■ **Exercise aim**:
The listing that follows should be copied in full and exactly, with no pictures.

■ **Task material**:
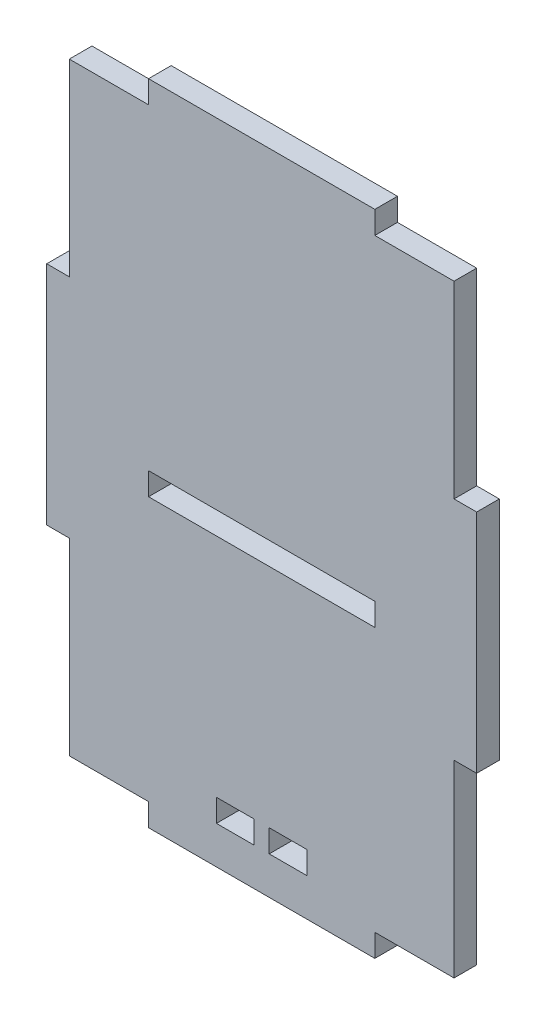
from build123d import *

# Parameters (mm, degrees)
SKETCH1_W           = 30
SKETCH1_H           = 3
SKETCH1_W_2         = 5
BOSS_EXTRUDE1_DEPTH = 1.5


with BuildPart() as part:
    # Sketch1 → Boss-Extrude1 (new body, symmetric)
    with BuildSketch(Plane.XY):
        Polygon((-25.5, -15), (-25.5, -40), (-15, -40), (-15, -43), (15, -43), (15, -40), (25.5, -40), (25.5, -15), (28.5, -15), (28.5, 15), (25.5, 15), (25.5, 40), (15, 40), (15, 43), (-15, 43), (-15, 40), (-25.5, 40), (-25.5, 15), (-28.5, 15), (-28.5, -15), align=None)
        with Locations((0, -3.5)):
            Rectangle(SKETCH1_W, SKETCH1_H, mode=Mode.SUBTRACT)
        with Locations((3.5, -36.5)):
            Rectangle(SKETCH1_W_2, SKETCH1_H, mode=Mode.SUBTRACT)
        with Locations((-3.5, -36.5)):
            Rectangle(SKETCH1_W_2, SKETCH1_H, mode=Mode.SUBTRACT)
    extrude(amount=BOSS_EXTRUDE1_DEPTH, both=True)


solid = part.part

■ **Answer space**:
from build123d import *

# Parameters (mm, degrees)
SKETCH1_W           = 30
SKETCH1_H           = 3
SKETCH1_W_2         = 5
BOSS_EXTRUDE1_DEPTH = 1.5


with BuildPart() as part:
    # Sketch1 → Boss-Extrude1 (new body, symmetric)
    with BuildSketch(Plane.XY):
        Polygon((-25.5, -15), (-25.5, -40), (-15, -40), (-15, -43), (15, -43), (15, -40), (25.5, -40), (25.5, -15), (28.5, -15), (28.5, 15), (25.5, 15), (25.5, 40), (15, 40), (15, 43), (-15, 43), (-15, 40), (-25.5, 40), (-25.5, 15), (-28.5, 15), (-28.5, -15), align=None)
        with Locations((0, -3.5)):
            Rectangle(SKETCH1_W, SKETCH1_H, mode=Mode.SUBTRACT)
        with Locations((3.5, -36.5)):
            Rectangle(SKETCH1_W_2, SKETCH1_H, mode=Mode.SUBTRACT)
        with Locations((-3.5, -36.5)):
            Rectangle(SKETCH1_W_2, SKETCH1_H, mode=Mode.SUBTRACT)
    extrude(amount=BOSS_EXTRUDE1_DEPTH, both=True)


solid = part.part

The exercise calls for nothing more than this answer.